Wspólnie omówiliśmy sposoby oszczędzania energii,
wody, ciepła zarówno w aspekcie globalnym, jak i
jednostkowym. Zwróciliśmy uwagę na segregację
śmieci i szanowanie zieleni. Tego dnia wszystkie
przedszkolaki jednogłośnie złożyły uroczyste przyrzeczenie
dbania o przyrodę stając się Kubusiowymi Przyjaciółmi
Natury. Ponadto każde dziecko otrzymało plakietkę-
odznakę i książeczkę edukacyjną.
Również tego dnia mieliśmy przyjemność gościć
wszystkich przedszkolaków na wspólnej imprezie
zorganizowanej z okazji powitania wiosny. W tym dniu
odbył się festiwal muzyczny pod nazwą "Żabkowe
rechotanie czyli wiosny witanie" podczas którego każda z
grup zaprezentowała przygotowaną wcześniej piosenkę o
tematyce wiosennej. Pomiędzy występami poszczególnych
grup "Niezapominajki" przygotowały teatrzyk dla dzieci
ukazujący budzenie się przyrody do życia. Nie zabrakło
odstraszania marzanny, przepędzania zimy i witania pani
Wiosny. Po wspólnej zabawie i zmaganiach wokalnych
każda grup ze swoim gaikiem udała sie na spacer okolicami
przedszkola.
W dniu 18 marca 2014 r. wszystkie przedszkolaki z
Przedszkola Publicznego nr 55 w Opolu uczestniczyły w
imprezie ogólnoprzedszkolnej -„Przedszkolnym Przeglądzie
Małych Form Teatralnych” dotyczącym tematyki prozdrowotnej.

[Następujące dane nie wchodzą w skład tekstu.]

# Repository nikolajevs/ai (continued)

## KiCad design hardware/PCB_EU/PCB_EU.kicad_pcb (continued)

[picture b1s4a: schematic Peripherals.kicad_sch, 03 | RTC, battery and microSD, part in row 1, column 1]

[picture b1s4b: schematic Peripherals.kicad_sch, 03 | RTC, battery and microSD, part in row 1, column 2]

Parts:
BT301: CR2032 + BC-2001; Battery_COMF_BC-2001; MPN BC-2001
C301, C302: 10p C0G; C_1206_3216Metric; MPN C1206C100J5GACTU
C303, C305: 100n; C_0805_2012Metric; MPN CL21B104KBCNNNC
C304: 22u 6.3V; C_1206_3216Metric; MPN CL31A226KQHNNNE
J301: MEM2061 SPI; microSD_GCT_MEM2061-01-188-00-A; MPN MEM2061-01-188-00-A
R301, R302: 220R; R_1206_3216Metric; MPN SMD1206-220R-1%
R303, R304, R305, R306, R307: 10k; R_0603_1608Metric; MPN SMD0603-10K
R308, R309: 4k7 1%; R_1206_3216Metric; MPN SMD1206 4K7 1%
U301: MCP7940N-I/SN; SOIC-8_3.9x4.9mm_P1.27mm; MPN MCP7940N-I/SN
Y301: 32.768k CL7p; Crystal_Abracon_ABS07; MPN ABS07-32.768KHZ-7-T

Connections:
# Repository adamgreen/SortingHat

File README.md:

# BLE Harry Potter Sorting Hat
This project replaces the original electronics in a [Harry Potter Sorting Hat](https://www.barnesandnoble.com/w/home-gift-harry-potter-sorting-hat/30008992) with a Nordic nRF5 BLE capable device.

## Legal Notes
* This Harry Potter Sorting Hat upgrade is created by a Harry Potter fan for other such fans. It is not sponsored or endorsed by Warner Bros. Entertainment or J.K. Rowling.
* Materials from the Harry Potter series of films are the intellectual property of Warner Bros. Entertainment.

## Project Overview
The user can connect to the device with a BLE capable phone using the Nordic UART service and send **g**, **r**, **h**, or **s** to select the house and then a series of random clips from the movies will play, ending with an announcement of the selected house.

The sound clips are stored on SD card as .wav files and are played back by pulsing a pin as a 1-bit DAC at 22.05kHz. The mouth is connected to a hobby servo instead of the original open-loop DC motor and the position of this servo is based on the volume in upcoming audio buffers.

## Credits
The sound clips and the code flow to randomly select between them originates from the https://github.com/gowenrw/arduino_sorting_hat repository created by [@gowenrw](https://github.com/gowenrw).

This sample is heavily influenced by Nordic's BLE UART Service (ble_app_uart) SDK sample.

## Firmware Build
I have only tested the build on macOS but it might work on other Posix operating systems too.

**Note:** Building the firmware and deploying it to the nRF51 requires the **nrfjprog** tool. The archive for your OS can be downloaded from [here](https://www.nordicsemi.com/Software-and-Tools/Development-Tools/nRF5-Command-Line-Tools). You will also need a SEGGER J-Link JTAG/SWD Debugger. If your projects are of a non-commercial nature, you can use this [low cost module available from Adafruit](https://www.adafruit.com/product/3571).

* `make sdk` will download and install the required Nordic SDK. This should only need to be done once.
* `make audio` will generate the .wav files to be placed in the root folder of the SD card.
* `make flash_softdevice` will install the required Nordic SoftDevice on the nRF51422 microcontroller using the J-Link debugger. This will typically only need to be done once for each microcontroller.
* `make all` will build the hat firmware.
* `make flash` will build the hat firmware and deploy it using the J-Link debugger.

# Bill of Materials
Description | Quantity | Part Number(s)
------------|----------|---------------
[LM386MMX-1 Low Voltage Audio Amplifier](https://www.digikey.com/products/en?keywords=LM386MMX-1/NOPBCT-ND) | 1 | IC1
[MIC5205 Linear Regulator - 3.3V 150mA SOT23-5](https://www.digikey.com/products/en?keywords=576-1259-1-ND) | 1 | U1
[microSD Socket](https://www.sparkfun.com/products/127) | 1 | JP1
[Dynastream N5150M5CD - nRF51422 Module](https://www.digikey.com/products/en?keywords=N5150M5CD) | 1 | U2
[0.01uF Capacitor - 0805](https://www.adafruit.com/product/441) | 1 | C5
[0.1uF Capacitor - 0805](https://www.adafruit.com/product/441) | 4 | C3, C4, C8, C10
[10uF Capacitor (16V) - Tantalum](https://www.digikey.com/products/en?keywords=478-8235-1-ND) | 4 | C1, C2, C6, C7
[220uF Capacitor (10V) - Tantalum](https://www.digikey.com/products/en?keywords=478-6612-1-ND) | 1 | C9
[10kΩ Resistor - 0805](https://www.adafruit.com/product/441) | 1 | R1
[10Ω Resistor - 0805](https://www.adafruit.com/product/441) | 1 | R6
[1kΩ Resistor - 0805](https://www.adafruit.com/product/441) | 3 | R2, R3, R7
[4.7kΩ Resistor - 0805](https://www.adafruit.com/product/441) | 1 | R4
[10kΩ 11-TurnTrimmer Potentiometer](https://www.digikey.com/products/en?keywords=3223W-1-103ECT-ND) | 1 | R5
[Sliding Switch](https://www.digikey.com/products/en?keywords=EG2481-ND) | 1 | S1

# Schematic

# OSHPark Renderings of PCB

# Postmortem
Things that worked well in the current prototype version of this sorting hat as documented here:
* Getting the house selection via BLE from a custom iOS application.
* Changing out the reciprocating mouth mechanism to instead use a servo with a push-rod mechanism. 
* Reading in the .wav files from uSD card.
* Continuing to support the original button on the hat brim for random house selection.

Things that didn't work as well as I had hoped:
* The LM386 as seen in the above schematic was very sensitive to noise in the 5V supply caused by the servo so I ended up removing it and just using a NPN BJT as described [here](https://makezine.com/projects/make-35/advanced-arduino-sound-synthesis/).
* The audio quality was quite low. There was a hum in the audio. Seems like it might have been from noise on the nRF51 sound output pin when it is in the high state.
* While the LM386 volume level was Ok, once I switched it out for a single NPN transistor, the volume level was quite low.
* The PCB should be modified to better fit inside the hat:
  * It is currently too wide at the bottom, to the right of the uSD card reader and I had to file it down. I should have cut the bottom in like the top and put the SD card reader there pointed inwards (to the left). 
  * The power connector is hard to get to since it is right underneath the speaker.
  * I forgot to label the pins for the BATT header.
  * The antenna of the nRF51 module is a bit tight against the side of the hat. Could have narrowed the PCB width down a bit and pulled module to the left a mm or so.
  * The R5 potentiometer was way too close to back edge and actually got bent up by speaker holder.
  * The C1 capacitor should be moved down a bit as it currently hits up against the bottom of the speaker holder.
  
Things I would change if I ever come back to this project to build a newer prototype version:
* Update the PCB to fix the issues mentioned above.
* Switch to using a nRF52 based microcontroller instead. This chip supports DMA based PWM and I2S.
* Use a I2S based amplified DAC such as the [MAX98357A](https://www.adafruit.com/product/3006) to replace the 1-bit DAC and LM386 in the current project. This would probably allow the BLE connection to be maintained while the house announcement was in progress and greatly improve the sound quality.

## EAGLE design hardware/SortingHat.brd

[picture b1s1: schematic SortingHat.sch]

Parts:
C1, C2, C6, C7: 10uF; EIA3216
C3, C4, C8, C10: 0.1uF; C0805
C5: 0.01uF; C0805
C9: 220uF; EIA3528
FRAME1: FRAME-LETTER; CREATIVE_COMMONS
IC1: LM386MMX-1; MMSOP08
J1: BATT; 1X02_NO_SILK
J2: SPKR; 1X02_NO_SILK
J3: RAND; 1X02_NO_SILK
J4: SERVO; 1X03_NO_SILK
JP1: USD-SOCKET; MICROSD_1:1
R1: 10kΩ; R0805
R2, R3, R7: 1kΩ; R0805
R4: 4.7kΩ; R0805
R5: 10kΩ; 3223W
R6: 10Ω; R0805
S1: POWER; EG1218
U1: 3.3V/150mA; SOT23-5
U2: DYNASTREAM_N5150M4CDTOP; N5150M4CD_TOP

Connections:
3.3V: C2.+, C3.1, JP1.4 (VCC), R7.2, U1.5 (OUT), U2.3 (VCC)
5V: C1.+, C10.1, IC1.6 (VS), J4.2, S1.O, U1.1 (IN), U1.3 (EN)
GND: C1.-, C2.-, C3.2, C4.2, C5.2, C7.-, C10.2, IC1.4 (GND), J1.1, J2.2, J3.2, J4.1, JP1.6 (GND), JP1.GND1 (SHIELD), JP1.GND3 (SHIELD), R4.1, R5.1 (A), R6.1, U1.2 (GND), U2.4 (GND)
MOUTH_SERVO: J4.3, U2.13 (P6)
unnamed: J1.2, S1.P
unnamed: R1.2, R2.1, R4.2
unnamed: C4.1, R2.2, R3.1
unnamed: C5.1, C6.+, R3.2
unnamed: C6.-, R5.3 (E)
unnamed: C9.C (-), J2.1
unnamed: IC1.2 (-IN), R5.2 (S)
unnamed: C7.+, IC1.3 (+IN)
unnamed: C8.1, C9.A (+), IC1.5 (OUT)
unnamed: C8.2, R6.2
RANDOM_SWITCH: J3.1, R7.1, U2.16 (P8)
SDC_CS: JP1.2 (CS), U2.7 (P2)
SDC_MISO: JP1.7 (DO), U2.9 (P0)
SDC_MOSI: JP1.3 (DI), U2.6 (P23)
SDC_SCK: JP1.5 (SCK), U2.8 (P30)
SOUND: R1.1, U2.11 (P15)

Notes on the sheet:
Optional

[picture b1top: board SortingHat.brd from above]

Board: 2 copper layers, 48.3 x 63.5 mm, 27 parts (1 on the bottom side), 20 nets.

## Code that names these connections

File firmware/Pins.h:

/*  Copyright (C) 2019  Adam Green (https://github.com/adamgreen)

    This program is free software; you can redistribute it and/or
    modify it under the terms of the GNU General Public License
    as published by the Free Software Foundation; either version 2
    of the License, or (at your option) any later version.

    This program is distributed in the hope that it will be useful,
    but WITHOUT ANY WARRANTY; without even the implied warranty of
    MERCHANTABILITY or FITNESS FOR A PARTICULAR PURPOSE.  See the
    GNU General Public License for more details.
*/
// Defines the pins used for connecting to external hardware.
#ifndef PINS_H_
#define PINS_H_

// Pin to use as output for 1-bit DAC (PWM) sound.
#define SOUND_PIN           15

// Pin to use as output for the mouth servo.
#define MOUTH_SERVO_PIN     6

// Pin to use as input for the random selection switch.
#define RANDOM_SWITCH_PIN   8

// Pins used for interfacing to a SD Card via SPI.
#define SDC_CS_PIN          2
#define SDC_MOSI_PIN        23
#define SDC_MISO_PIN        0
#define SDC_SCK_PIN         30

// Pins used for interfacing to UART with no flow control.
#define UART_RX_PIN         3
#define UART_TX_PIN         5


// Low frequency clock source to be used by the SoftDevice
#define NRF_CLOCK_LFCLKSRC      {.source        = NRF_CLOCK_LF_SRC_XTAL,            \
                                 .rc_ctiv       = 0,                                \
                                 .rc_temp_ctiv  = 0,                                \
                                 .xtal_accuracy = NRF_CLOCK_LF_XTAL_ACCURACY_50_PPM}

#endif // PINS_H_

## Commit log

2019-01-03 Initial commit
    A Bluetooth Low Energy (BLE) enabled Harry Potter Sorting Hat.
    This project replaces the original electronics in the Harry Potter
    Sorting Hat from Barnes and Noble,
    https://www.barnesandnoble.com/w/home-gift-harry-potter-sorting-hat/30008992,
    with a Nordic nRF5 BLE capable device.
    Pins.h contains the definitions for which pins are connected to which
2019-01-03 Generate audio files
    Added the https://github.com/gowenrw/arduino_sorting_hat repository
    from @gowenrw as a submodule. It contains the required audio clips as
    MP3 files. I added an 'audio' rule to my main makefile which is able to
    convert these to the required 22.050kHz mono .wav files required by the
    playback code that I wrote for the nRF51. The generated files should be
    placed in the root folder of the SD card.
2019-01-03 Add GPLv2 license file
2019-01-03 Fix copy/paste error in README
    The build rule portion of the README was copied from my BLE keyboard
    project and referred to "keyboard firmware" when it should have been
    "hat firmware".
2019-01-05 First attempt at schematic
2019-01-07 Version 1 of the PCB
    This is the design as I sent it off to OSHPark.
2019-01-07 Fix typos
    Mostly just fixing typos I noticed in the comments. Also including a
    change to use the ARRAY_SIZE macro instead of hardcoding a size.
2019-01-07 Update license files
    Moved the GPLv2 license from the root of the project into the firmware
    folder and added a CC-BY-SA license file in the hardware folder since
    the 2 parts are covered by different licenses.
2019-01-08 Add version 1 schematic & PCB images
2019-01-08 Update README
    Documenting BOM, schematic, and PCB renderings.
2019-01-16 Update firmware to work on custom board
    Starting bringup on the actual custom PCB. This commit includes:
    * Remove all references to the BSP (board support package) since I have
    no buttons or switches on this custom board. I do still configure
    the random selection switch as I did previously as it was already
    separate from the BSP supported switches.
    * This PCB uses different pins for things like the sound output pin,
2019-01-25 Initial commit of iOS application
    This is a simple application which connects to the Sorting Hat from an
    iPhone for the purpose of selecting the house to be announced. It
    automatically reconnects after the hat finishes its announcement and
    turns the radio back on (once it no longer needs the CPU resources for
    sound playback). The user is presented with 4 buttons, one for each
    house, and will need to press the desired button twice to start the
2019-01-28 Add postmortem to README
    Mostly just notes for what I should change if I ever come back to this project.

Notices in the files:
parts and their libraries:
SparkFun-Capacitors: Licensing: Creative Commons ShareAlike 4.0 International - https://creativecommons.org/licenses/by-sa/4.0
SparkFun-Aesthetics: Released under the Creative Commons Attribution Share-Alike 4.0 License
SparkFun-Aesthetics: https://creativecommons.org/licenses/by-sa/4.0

Na wstępie powitano zaproszonych gości, którzy pełnili
funkcję członków jury: Elżbietę Partykę (przedstawiciela
Miejskiej Biblioteki Publicznej- Filia 17 w Opolu), Tadeusza
Rudnickiego (aktora Teatru Lalki i Aktora w Opolu), Annę
Kutycką (byłą dyrektor PP nr 55) oraz Elżbietę Zaremba ( wicedyrektor PP nr 55). Konkurs podzielony
został na dwie części:
1. Prezentację programów teatralnych grup dzieci młodszych 3 i 4- letnich.
2. Prezentację programów teatralnych grup dzieci starszych
5 i 6- letnich.
Po powitaniu
wszystkich grup dzieci z
naszego przedszkola aktor
Teatru Lalki i Aktora w
Opolu -Tadeusz Rudnicki
opowiedział dzieciom o
trudnej sztuce aktorskiej i
zachęcił do rozwijania
zainteresowań w tym kierunku.
Następnie zaprezentowały się grupy młodsze z następującymi
spektaklami :
I. Świerszcze- „Sześć kucharek”.
II. Malinki- „Zdrowe ząbki”.
III. Żabki- „Jaś i Małgosia w krainie zdrowia”.
IV. Biedronki- „Jaś i Małgosia o zdrowiu na poważnie i
na wesoło”.
Po pierwszej części przeglądu nagrodzono wyróżnione grupy:
„Żabek” i „Biedronek” dyplomami oraz nagrodami rzeczowymi.
W drugiej części prezentowały się grupy dzieci starszych z
następującymi spektaklami :
I. Chmurki- „Chory kotek”.
II. Wiewiórki- „Zdrowy Czerwony Kapturek”.
III. Niezapominajki- „Niezwykła przygoda”.
IV. Uszatki- „Dbaj o czystość”.
W grupie dzieci starszych wyróżnione grupy: „Wiewiórek”, „Uszatek” i „Niezapominajek” również
otrzymały dyplomy i nagrody rzeczowe. Wszystkie przedstawienia przeplatane były wspólnymi zabawami i
piosenkami. Na zakończenie przekazano podziękowania i pamiątkowe dyplomy dla zaproszonych gości.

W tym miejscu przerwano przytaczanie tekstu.